1. Field of the Invention
The present invention is related to a process for recovering divinylarene dioxides, particularly divinylarene dioxides derived from divinylbenzene. More specifically, the present invention relates to a process for recovering a divinylarene dioxide from a crude feed stream, for example, a stream resulting from an epoxidation process for preparing a divinylarene dioxide.
2. Description of Background and Related Art
There are various known processes for preparing a divinylarene dioxide such as a divinylbenzene dioxide (DVBDO). For example, U.S. Pat. No. 2,977,374 (“the '374 patent”), incorporated herein by reference, discloses epoxidizing divinylbenzene (DVB) using peracetic acid in ethyl acetate and reports a DVBDO yield of 49 percent (%). The '374 patent teaches recovery of an epoxidized product by continuous distillation in two passes; removal of lights such as solvent and byproduct acetic acid in a first pass; and recovery of overhead product in a second pass. An example is provided in the '374 patent for DVBDO that describes two “stripper” passes to remove lights and a “flash distillation” to recover the product overhead. The '374 patent discloses obtaining a low DVBDO purity (59 weight percent) and a low yield as reported in the example; thus, the process described in the '374 patent results in neither a high distillation recovery nor a high purity product.
M. Worzakowska, J. Appl. Poly. Sci. (2007) vol. 103, pp. 462-469, incorporated herein by reference, discloses epoxidizing DVB using acetonitrile-hydrogen peroxide in the presence of a magnesium oxide catalyst and greater than a 4-fold molar excess of hydrogen peroxide to olefin. The above Worzakowska article does not describe the use of distillation, and only discloses that the epoxides are “separated from the solvents and byproduct”. However, given the recovered product purity is only about 45%, while starting with a 65% divinylbenzene raw material purity, this process has both a low product purity, and a low distillation recovery.
U.S. Pat. No. 4,304,639 (“the '639 patent”) discloses a process for the purification of olefin oxides and describes a continuous distillation scheme using a small amount of water and a side draw with decant. The process described in the '639 patent is directed to the preparation of propylene oxide (PO). DVBDO is listed as one of a long list of potential epoxides that can be prepared using the process described in the '639 patent. However, the description in the '639 patent is insufficient to enable the skilled artisan to determine how the process might result in high distillation recovery of DVBDO or high DVBDO purity.

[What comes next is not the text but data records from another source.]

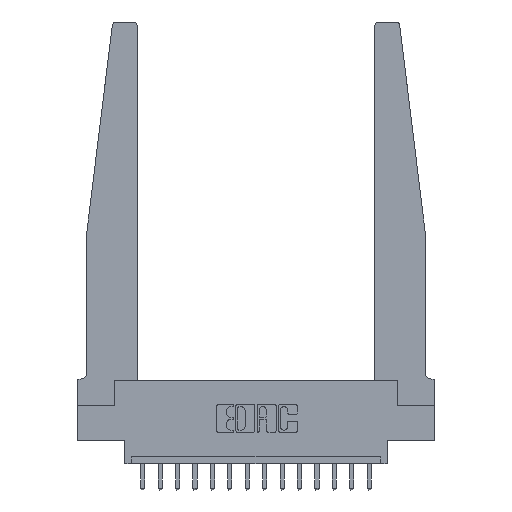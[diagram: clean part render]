
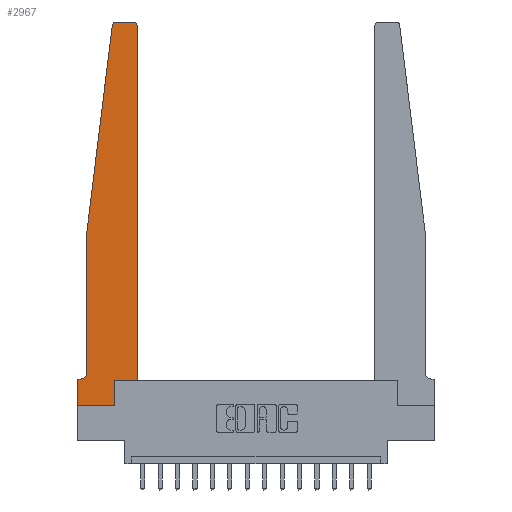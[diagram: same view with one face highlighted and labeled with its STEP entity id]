
A CAD part, top view. The second image highlights one B-rep face of the part: STEP entity #2967.
In plain terms, the highlighted planar face has unit normal (0, 0, 1).
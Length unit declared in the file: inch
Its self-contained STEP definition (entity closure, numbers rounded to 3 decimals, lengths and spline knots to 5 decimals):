
#5 = VERTEX_POINT ( 'NONE', #2515 ) ;
#27 = ORIENTED_EDGE ( 'NONE', *, *, #8765, .T. ) ;
#74 = EDGE_CURVE ( 'NONE', #5055, #7908, #6632, .T. ) ;
#350 = CARTESIAN_POINT ( 'NONE',  ( 0.25, 2.75, 0.37 ) ) ;
#616 = DIRECTION ( 'NONE',  ( 0., 0., 1. ) ) ;
#619 = EDGE_LOOP ( 'NONE', ( #16903, #27, #7267, #10698, #11547, #13551, #15198, #2184, #8248, #3344, #9433, #3452 ) ) ;
#637 = AXIS2_PLACEMENT_3D ( 'NONE', #5483, #5598, #15059 ) ;
#786 = CARTESIAN_POINT ( 'NONE',  ( 0.395, 2.72, 0.37 ) ) ;
#840 = DIRECTION ( 'NONE',  ( 1., 0., 0. ) ) ;
#892 = VECTOR ( 'NONE', #10962, 39.37008 ) ;
#1219 = DIRECTION ( 'NONE',  ( 0., -1., 0. ) ) ;
#1256 = CARTESIAN_POINT ( 'NONE',  ( 0.065, 0.2375, 0.37 ) ) ;
#1380 = PLANE ( 'NONE',  #637 ) ;
#1501 = VECTOR ( 'NONE', #8614, 39.37008 ) ;
#1534 = VECTOR ( 'NONE', #10352, 39.37008 ) ;
#1662 = AXIS2_PLACEMENT_3D ( 'NONE', #15094, #7548, #4006 ) ;
#1883 = DIRECTION ( 'NONE',  ( 0., -1., 0. ) ) ;
#2129 = EDGE_CURVE ( 'NONE', #7908, #7969, #7426, .T. ) ;
#2184 = ORIENTED_EDGE ( 'NONE', *, *, #9156, .T. ) ;
#2211 = VERTEX_POINT ( 'NONE', #3147 ) ;
#2231 = LINE ( 'NONE', #15007, #12535 ) ;
#2449 = CARTESIAN_POINT ( 'NONE',  ( 0.065, 1.25, 0.37 ) ) ;
#2515 = CARTESIAN_POINT ( 'NONE',  ( 0.2605, 0., 0.37 ) ) ;
#2946 = CARTESIAN_POINT ( 'NONE',  ( 0.425, 0.18, 0.37 ) ) ;
#2967 = ADVANCED_FACE ( 'NONE', ( #13746 ), #1380, .T. ) ;
#2994 = VECTOR ( 'NONE', #1219, 39.37008 ) ;
#3147 = CARTESIAN_POINT ( 'NONE',  ( 0., 0., 0.37 ) ) ;
#3344 = ORIENTED_EDGE ( 'NONE', *, *, #5218, .T. ) ;
#3452 = ORIENTED_EDGE ( 'NONE', *, *, #15474, .T. ) ;
#3528 = EDGE_CURVE ( 'NONE', #7969, #6167, #9828, .T. ) ;
#3561 = DIRECTION ( 'NONE',  ( 1., 0., 0. ) ) ;
#3662 = CARTESIAN_POINT ( 'NONE',  ( 0.425, 0.18, 0.37 ) ) ;
#4006 = DIRECTION ( 'NONE',  ( -1., 0., 0. ) ) ;
#4012 = LINE ( 'NONE', #2946, #1501 ) ;
#4377 = LINE ( 'NONE', #12691, #10899 ) ;
#4720 = VERTEX_POINT ( 'NONE', #6535 ) ;
#5004 = CIRCLE ( 'NONE', #13006, 0.03 ) ;
#5055 = VERTEX_POINT ( 'NONE', #12865 ) ;
#5218 = EDGE_CURVE ( 'NONE', #10943, #4720, #7866, .T. ) ;
#5415 = LINE ( 'NONE', #6825, #14518 ) ;
#5483 = CARTESIAN_POINT ( 'NONE',  ( 0., 0.1875, 0.37 ) ) ;
#5520 = LINE ( 'NONE', #13007, #1534 ) ;
#5557 = DIRECTION ( 'NONE',  ( -0.122, -0.992, 0. ) ) ;
#5598 = DIRECTION ( 'NONE',  ( 0., 0., 1. ) ) ;
#5787 = VERTEX_POINT ( 'NONE', #17405 ) ;
#6167 = VERTEX_POINT ( 'NONE', #12477 ) ;
#6199 = EDGE_CURVE ( 'NONE', #9527, #8663, #6749, .T. ) ;
#6452 = CARTESIAN_POINT ( 'NONE',  ( 0.2605, 0.18, 0.37 ) ) ;
#6535 = CARTESIAN_POINT ( 'NONE',  ( 0.425, 0.18, 0.37 ) ) ;
#6632 = LINE ( 'NONE', #12218, #12774 ) ;
#6749 = LINE ( 'NONE', #350, #892 ) ;
#6825 = CARTESIAN_POINT ( 'NONE',  ( 0.2605, 0.18, 0.37 ) ) ;
#6998 = EDGE_CURVE ( 'NONE', #4720, #5787, #4012, .T. ) ;
#7267 = ORIENTED_EDGE ( 'NONE', *, *, #74, .T. ) ;
#7426 = LINE ( 'NONE', #7967, #2994 ) ;
#7497 = DIRECTION ( 'NONE',  ( 1., 0., 0. ) ) ;
#7548 = DIRECTION ( 'NONE',  ( 0., 0., -1. ) ) ;
#7866 = LINE ( 'NONE', #3662, #8951 ) ;
#7908 = VERTEX_POINT ( 'NONE', #2449 ) ;
#7967 = CARTESIAN_POINT ( 'NONE',  ( 0.065, 1.25, 0.37 ) ) ;
#7969 = VERTEX_POINT ( 'NONE', #1256 ) ;
#8014 = DIRECTION ( 'NONE',  ( 0., 1., 0. ) ) ;
#8248 = ORIENTED_EDGE ( 'NONE', *, *, #15263, .T. ) ;
#8614 = DIRECTION ( 'NONE',  ( 0., 1., 0. ) ) ;
#8663 = VERTEX_POINT ( 'NONE', #15337 ) ;
#8765 = EDGE_CURVE ( 'NONE', #8663, #5055, #5004, .T. ) ;
#8951 = VECTOR ( 'NONE', #3561, 39.37008 ) ;
#9156 = EDGE_CURVE ( 'NONE', #2211, #5, #4377, .T. ) ;
#9433 = ORIENTED_EDGE ( 'NONE', *, *, #6998, .T. ) ;
#9527 = VERTEX_POINT ( 'NONE', #11016 ) ;
#9828 = CIRCLE ( 'NONE', #1662, 0.05 ) ;
#10141 = CARTESIAN_POINT ( 'NONE',  ( 0., 0.1875, 0.37 ) ) ;
#10352 = DIRECTION ( 'NONE',  ( -1., 0., 0. ) ) ;
#10466 = EDGE_CURVE ( 'NONE', #12882, #2211, #2231, .T. ) ;
#10503 = DIRECTION ( 'NONE',  ( 0., 0., 1. ) ) ;
#10695 = CIRCLE ( 'NONE', #11769, 0.03 ) ;
#10698 = ORIENTED_EDGE ( 'NONE', *, *, #2129, .T. ) ;
#10899 = VECTOR ( 'NONE', #7497, 39.37008 ) ;
#10943 = VERTEX_POINT ( 'NONE', #6452 ) ;
#10962 = DIRECTION ( 'NONE',  ( -1., 0., 0. ) ) ;
#11016 = CARTESIAN_POINT ( 'NONE',  ( 0.395, 2.75, 0.37 ) ) ;
#11409 = EDGE_CURVE ( 'NONE', #6167, #12882, #5520, .T. ) ;
#11547 = ORIENTED_EDGE ( 'NONE', *, *, #3528, .T. ) ;
#11769 = AXIS2_PLACEMENT_3D ( 'NONE', #786, #616, #14303 ) ;
#12218 = CARTESIAN_POINT ( 'NONE',  ( 0.065, 1.25, 0.37 ) ) ;
#12477 = CARTESIAN_POINT ( 'NONE',  ( 0.015, 0.1875, 0.37 ) ) ;
#12535 = VECTOR ( 'NONE', #1883, 39.37008 ) ;
#12691 = CARTESIAN_POINT ( 'NONE',  ( 0., 0., 0.37 ) ) ;
#12774 = VECTOR ( 'NONE', #5557, 39.37008 ) ;
#12865 = CARTESIAN_POINT ( 'NONE',  ( 0.24675, 2.72367, 0.37 ) ) ;
#12882 = VERTEX_POINT ( 'NONE', #10141 ) ;
#13006 = AXIS2_PLACEMENT_3D ( 'NONE', #15794, #10503, #840 ) ;
#13007 = CARTESIAN_POINT ( 'NONE',  ( 0.065, 0.1875, 0.37 ) ) ;
#13551 = ORIENTED_EDGE ( 'NONE', *, *, #11409, .T. ) ;
#13746 = FACE_OUTER_BOUND ( 'NONE', #619, .T. ) ;
#14303 = DIRECTION ( 'NONE',  ( 1., 0., 0. ) ) ;
#14518 = VECTOR ( 'NONE', #8014, 39.37008 ) ;
#15007 = CARTESIAN_POINT ( 'NONE',  ( 0., 0., 0.37 ) ) ;
#15059 = DIRECTION ( 'NONE',  ( 1., 0., 0. ) ) ;
#15094 = CARTESIAN_POINT ( 'NONE',  ( 0.015, 0.2375, 0.37 ) ) ;
#15198 = ORIENTED_EDGE ( 'NONE', *, *, #10466, .T. ) ;
#15263 = EDGE_CURVE ( 'NONE', #5, #10943, #5415, .T. ) ;
#15337 = CARTESIAN_POINT ( 'NONE',  ( 0.27653, 2.75, 0.37 ) ) ;
#15474 = EDGE_CURVE ( 'NONE', #5787, #9527, #10695, .T. ) ;
#15794 = CARTESIAN_POINT ( 'NONE',  ( 0.27653, 2.72, 0.37 ) ) ;
#16903 = ORIENTED_EDGE ( 'NONE', *, *, #6199, .T. ) ;
#17405 = CARTESIAN_POINT ( 'NONE',  ( 0.425, 2.72, 0.37 ) ) ;

EP0878471A1 (“EP471”) discloses reactive radiation-initiated or thermally-initiated cationically-curable epoxide monomers and compositions made from those monomers; and describes the synthesis of DVBDO using Oxone. The workup described in EP471 includes removal of solvents “in vacuo at 35° C.”, with no further purification. EP471 teaches that 5 mL of DVB (4.58 g) (theoretical product approximately 5.7 g) yields 4.92 g of product which is an overall yield of 86%. The description in EP471 is insufficient to enable the skilled artisan to determine the distillation recovery or the purity of the recovered product. The product, as described in EP471, is not separated from any heavies present, i.e., the process of EP471 does not provide a distillation or separation step in its disclosed process to achieve a high purity of divinylarene dioxide.
EP1841753B1 (“EP753”) discloses a process for the epoxidation of an olefin with an improved energy balance. The disclosure in EP753 is focused on preparing PO from propylene, but generally claims the epoxidation of an “olefin”. EP753 teaches DVB as an olefin. In addition, EP753 teaches using a dividing wall column, distillation, and “distillative separations processes” in the recovery description (the focus of EP753 is on recovery of unreacted olefin, solvent, and product). The description in EP753 is insufficient to enable the skilled artisan to determine or define a high distillation recovery or high DVBDO purity process.
WO 2010/101144A1 discloses epoxy resin composition and describes processes for epoxidation in general. One example describes synthesis of DVBDO using 30% peracetic acid in ethyl acetate. 300 g of DVB are used to produce 151.6 g of distilled DVBDO (only 41% overall yield). Separations are described as ethyl acetate removal by “reduced pressure distillation using an evaporator”. High purity product (97.1% area %) is obtained by “purification using distillation” (10 torr, 150° C.). The description of the separations in WO 2010/101144A1 is insufficient to enable the skilled artisan to determine distillation recovery, however given the low overall yield of the product; the distillation recovery of the product is low.
Bull. Chem. Soc. Jpn, 64, 3442-3444 (1991) discloses the effect of anions on the epoxidation of styrenes with H2O2 in the presence of ammonium heptamolybdate(VI) dioctylin oxide catalysts. The product recovered by the above process is only described as being “separated” and the highest DVBDO overall yield described is 9.9%.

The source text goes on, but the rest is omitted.